Could you reproduce, word for word, everything below from the line containing "rdot 0 : Subsystem" down to the line containing "alpha/1 -> u_r_V_Lyapunov", with both of those lines included and no others?
Content starts
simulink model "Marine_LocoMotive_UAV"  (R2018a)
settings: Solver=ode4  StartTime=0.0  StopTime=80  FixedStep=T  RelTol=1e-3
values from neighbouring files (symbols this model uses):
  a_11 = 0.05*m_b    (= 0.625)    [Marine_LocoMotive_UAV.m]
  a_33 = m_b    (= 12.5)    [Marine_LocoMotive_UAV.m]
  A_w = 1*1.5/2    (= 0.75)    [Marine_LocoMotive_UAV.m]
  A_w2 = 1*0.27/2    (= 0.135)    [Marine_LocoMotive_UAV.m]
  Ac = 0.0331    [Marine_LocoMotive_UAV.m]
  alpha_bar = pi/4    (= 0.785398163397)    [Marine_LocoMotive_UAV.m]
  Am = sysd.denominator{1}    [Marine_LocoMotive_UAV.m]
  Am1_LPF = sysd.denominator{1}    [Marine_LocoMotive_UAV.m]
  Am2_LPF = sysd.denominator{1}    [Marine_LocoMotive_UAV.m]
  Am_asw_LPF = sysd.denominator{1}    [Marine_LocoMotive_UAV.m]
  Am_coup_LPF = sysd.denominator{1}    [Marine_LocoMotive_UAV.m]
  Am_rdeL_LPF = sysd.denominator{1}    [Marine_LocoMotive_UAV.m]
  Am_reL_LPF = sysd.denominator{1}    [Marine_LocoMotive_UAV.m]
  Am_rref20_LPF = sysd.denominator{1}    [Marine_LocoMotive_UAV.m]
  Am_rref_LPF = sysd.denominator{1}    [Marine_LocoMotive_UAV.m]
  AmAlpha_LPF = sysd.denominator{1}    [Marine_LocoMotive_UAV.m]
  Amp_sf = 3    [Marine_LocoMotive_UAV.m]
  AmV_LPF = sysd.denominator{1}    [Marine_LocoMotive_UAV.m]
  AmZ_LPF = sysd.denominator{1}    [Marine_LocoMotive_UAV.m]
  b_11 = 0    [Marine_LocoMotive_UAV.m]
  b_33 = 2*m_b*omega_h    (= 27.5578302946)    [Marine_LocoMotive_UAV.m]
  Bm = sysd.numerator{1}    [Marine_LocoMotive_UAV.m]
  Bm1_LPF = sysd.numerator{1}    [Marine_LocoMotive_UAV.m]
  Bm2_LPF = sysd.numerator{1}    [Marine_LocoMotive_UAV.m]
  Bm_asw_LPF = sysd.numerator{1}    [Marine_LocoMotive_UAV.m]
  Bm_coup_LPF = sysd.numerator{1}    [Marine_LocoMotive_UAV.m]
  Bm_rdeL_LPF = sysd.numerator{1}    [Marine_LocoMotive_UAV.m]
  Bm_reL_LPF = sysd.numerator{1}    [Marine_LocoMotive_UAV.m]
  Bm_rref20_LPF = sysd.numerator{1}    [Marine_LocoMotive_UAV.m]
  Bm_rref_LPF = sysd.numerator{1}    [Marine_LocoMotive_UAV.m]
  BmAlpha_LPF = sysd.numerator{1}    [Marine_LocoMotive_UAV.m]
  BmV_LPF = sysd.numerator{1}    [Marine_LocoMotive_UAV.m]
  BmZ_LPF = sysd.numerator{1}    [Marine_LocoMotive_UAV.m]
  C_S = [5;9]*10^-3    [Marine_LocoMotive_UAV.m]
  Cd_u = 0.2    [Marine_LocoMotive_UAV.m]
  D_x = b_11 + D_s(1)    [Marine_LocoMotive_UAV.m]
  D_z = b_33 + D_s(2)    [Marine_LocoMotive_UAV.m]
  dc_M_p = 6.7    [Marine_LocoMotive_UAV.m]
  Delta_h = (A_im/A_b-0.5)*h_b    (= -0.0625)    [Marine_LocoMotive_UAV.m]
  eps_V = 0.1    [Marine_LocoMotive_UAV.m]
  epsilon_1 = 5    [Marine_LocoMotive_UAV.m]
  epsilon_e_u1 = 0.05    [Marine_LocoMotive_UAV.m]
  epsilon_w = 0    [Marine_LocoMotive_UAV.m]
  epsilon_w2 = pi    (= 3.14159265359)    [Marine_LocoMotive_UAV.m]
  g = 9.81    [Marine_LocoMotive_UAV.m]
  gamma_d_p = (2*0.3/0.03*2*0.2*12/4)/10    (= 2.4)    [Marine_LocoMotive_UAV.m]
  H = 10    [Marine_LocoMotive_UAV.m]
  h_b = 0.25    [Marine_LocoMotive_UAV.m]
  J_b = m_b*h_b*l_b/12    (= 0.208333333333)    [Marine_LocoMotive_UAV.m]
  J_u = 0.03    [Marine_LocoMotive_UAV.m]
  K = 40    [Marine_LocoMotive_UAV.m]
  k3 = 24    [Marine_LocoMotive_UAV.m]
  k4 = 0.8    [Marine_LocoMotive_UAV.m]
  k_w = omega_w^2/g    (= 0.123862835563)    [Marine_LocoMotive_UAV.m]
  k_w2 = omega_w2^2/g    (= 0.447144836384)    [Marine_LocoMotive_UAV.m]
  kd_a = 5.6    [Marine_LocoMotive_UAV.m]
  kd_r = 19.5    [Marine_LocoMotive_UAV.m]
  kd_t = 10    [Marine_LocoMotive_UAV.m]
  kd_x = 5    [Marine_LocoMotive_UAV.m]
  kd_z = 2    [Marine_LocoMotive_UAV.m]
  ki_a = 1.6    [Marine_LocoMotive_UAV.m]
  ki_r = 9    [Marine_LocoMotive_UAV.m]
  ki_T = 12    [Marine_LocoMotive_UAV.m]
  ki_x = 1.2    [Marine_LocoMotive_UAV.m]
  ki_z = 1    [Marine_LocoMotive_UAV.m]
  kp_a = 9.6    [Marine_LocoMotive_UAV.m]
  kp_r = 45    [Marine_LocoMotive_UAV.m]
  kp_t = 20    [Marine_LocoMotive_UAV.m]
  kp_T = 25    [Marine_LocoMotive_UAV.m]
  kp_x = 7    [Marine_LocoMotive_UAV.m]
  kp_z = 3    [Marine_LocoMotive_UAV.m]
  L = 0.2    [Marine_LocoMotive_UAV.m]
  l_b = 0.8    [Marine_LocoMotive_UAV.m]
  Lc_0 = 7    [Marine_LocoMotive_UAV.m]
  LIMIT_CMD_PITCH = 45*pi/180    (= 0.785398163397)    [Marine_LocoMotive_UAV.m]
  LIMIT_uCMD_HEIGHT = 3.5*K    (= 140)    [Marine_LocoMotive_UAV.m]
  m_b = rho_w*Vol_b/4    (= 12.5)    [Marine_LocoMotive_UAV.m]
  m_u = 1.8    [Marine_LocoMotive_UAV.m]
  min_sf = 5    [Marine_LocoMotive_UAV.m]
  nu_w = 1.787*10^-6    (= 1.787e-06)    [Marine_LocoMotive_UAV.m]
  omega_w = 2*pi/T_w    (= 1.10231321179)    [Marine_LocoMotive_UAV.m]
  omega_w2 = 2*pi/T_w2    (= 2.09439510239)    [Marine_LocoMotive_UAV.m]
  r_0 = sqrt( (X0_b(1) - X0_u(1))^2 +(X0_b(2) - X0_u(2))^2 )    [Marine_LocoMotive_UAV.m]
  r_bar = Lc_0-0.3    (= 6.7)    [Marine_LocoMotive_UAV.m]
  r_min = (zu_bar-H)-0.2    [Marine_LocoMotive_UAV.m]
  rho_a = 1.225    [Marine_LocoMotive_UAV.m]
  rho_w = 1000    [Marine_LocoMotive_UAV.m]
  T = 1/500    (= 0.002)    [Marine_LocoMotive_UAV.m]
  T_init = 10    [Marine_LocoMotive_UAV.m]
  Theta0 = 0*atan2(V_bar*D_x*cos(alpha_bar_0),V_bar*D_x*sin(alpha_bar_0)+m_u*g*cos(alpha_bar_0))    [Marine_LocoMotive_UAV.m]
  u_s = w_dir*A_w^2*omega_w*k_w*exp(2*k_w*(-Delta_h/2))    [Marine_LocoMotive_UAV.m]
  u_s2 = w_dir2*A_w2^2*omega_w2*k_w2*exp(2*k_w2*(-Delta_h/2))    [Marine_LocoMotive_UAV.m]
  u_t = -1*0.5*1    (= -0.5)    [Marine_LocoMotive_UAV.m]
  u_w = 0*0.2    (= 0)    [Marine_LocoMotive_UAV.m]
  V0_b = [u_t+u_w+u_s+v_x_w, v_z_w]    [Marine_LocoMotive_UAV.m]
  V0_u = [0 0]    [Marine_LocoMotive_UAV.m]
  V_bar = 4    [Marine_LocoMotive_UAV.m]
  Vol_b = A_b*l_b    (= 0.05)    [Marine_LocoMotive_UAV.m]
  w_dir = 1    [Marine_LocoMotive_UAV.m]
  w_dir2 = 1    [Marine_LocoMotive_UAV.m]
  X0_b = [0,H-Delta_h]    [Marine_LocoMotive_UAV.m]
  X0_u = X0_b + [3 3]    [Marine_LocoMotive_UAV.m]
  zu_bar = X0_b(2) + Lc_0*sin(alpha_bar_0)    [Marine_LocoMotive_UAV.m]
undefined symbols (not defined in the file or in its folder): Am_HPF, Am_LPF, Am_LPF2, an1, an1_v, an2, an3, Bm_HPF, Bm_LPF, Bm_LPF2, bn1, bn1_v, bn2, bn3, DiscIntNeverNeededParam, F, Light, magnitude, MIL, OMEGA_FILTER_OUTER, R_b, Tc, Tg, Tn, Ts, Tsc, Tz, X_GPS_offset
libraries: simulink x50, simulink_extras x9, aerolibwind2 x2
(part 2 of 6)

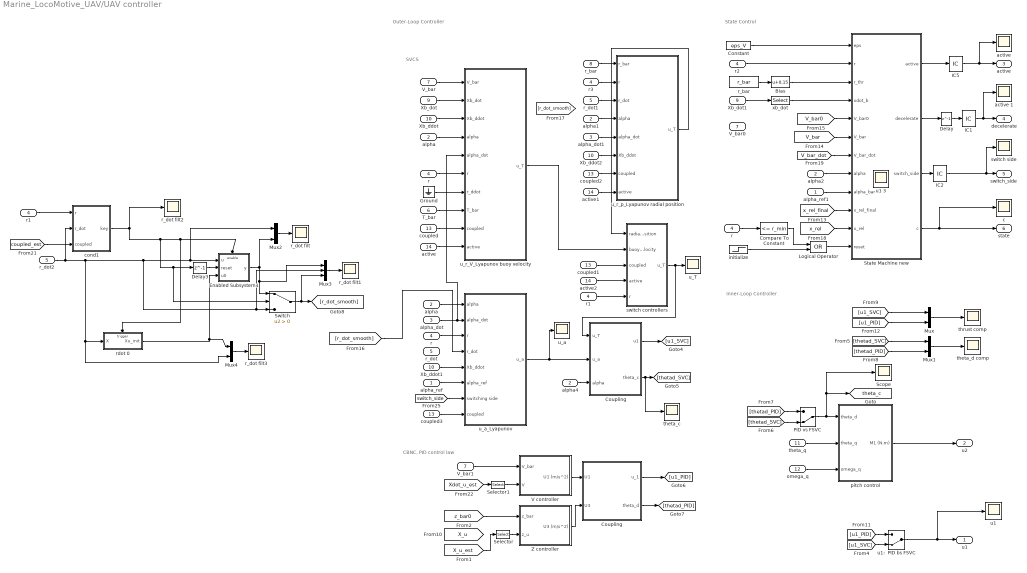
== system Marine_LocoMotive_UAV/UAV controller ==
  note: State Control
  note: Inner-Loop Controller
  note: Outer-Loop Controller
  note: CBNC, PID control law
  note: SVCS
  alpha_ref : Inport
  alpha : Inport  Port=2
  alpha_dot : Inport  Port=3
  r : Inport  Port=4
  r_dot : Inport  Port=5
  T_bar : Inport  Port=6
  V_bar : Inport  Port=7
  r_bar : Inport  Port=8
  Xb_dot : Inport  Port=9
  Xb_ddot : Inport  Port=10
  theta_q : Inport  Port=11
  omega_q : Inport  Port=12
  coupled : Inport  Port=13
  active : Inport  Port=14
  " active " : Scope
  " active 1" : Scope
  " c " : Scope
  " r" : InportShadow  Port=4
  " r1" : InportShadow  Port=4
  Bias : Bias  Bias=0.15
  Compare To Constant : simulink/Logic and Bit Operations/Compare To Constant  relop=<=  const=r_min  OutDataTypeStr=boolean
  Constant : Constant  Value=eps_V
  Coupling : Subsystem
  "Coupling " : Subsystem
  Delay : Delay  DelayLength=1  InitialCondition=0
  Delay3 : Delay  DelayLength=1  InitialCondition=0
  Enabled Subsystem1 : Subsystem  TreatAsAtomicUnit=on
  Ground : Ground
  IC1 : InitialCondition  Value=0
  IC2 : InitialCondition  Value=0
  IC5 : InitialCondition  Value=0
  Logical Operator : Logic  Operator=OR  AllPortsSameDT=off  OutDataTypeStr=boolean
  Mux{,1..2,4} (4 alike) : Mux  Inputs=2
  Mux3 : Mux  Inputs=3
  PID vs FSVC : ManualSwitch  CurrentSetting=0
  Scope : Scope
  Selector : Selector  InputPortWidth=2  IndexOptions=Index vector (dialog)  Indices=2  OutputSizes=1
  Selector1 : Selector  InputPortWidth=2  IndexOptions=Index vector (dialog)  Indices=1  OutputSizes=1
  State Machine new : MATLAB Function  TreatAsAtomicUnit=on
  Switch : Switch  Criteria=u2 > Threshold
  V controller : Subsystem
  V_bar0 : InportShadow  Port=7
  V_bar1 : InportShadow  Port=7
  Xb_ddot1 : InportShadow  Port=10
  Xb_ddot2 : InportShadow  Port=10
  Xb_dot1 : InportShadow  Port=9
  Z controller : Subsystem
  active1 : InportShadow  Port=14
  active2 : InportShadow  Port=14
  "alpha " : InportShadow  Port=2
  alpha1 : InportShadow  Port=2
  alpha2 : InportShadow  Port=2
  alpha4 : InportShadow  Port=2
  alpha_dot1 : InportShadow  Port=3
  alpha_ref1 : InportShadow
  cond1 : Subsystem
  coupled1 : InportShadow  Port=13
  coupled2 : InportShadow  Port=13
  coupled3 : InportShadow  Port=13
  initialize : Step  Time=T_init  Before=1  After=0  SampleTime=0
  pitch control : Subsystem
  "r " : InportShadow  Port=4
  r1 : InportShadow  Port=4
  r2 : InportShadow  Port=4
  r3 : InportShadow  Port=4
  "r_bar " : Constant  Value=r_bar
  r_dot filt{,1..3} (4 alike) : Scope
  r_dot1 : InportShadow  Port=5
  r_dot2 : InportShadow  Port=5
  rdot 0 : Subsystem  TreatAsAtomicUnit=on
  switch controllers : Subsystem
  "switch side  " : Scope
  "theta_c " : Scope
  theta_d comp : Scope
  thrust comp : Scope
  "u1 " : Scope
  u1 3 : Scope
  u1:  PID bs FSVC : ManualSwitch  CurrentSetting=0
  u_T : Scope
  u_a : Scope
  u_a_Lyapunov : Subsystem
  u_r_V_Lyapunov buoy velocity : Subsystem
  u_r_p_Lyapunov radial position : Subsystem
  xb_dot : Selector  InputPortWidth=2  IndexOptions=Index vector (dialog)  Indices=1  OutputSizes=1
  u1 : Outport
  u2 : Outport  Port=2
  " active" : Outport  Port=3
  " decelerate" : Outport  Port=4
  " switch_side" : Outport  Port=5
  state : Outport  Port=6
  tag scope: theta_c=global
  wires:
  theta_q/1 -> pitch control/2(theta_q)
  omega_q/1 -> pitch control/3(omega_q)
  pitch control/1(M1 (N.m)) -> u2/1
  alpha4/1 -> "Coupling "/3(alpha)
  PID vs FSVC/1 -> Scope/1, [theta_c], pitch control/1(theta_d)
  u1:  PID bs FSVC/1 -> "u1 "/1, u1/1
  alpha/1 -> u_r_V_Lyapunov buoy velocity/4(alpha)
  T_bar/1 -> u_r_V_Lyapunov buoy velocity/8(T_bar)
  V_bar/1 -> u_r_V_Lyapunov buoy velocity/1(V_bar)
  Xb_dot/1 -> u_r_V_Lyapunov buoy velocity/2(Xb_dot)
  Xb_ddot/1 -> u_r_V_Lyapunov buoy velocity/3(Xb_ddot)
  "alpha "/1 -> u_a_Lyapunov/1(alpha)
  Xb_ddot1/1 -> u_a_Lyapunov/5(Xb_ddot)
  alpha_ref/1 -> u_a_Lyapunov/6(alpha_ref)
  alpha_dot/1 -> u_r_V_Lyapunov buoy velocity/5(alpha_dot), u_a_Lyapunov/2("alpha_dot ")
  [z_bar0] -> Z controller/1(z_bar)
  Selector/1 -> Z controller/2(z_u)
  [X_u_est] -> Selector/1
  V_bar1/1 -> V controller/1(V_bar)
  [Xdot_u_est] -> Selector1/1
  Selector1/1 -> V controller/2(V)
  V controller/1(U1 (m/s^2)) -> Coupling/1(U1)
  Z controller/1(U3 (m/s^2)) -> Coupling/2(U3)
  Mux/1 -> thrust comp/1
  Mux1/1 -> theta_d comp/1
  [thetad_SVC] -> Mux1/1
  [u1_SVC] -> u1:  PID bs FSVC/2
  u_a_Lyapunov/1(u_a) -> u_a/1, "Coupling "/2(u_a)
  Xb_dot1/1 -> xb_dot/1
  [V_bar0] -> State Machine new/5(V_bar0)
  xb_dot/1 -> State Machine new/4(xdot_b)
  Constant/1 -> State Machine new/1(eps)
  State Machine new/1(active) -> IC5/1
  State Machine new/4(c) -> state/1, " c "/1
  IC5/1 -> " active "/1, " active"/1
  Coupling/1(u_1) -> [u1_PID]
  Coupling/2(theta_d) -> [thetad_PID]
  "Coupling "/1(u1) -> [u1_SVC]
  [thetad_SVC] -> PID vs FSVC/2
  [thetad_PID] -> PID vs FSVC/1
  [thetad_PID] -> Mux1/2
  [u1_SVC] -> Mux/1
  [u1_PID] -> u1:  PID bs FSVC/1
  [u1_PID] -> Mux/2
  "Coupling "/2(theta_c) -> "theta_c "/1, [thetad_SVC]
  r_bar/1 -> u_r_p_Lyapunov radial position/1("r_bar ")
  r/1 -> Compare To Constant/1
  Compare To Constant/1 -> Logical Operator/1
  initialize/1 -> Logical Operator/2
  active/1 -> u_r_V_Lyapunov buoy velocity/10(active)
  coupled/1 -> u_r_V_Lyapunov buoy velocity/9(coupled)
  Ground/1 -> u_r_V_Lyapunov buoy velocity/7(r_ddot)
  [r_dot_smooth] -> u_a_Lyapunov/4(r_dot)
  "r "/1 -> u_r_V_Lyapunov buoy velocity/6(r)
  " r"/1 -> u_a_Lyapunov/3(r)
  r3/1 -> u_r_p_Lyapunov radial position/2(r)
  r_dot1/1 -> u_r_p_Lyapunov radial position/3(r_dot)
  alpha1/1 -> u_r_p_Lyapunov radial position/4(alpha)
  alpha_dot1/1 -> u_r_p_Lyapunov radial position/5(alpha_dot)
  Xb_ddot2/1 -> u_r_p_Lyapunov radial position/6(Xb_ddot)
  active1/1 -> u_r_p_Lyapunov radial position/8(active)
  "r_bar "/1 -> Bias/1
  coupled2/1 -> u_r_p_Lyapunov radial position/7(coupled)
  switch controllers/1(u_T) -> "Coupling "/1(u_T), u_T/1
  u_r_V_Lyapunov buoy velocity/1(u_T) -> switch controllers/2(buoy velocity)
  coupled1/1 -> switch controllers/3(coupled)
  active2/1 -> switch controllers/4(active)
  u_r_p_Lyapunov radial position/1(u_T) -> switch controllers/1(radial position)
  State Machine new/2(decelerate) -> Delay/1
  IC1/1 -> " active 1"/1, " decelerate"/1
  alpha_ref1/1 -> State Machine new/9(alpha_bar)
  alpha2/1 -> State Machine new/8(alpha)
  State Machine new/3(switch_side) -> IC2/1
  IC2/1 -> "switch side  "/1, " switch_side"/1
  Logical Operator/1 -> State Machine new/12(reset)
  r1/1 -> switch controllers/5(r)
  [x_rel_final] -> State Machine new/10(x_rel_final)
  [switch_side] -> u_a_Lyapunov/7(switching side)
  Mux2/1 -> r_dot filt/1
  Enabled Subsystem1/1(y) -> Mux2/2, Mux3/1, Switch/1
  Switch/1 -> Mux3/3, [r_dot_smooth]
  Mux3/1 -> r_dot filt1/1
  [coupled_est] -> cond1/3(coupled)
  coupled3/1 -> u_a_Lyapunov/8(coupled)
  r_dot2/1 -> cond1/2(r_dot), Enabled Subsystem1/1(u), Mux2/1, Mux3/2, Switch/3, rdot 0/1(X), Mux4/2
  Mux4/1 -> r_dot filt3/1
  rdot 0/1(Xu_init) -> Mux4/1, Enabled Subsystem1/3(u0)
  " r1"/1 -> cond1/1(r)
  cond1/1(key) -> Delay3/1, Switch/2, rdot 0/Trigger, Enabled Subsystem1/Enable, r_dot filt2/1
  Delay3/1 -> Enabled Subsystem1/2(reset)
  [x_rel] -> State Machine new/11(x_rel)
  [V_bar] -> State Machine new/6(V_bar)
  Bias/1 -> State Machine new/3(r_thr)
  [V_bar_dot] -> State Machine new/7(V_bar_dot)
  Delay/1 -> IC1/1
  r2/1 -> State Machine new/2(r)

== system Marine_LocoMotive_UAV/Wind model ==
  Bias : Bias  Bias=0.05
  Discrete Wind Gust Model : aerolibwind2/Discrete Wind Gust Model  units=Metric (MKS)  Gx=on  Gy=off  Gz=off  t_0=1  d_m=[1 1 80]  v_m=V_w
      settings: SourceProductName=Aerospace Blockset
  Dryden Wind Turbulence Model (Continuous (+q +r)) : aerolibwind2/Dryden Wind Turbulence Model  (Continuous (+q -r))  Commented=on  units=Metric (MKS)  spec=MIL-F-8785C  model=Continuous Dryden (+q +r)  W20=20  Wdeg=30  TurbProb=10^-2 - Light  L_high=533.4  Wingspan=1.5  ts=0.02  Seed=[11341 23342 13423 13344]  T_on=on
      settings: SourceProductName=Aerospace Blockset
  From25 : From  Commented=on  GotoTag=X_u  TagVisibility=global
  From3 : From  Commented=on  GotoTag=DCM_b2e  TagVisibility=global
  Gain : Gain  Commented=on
Content ends
* **Output**:
  rdot 0 : Subsystem  TreatAsAtomicUnit=on
  switch controllers : Subsystem
  "switch side  " : Scope
  "theta_c " : Scope
  theta_d comp : Scope
  thrust comp : Scope
  "u1 " : Scope
  u1 3 : Scope
  u1:  PID bs FSVC : ManualSwitch  CurrentSetting=0
  u_T : Scope
  u_a : Scope
  u_a_Lyapunov : Subsystem
  u_r_V_Lyapunov buoy velocity : Subsystem
  u_r_p_Lyapunov radial position : Subsystem
  xb_dot : Selector  InputPortWidth=2  IndexOptions=Index vector (dialog)  Indices=1  OutputSizes=1
  u1 : Outport
  u2 : Outport  Port=2
  " active" : Outport  Port=3
  " decelerate" : Outport  Port=4
  " switch_side" : Outport  Port=5
  state : Outport  Port=6
  tag scope: theta_c=global
  wires:
  theta_q/1 -> pitch control/2(theta_q)
  omega_q/1 -> pitch control/3(omega_q)
  pitch control/1(M1 (N.m)) -> u2/1
  alpha4/1 -> "Coupling "/3(alpha)
  PID vs FSVC/1 -> Scope/1, [theta_c], pitch control/1(theta_d)
  u1:  PID bs FSVC/1 -> "u1 "/1, u1/1
  alpha/1 -> u_r_V_Lyapunov buoy velocity/4(alpha)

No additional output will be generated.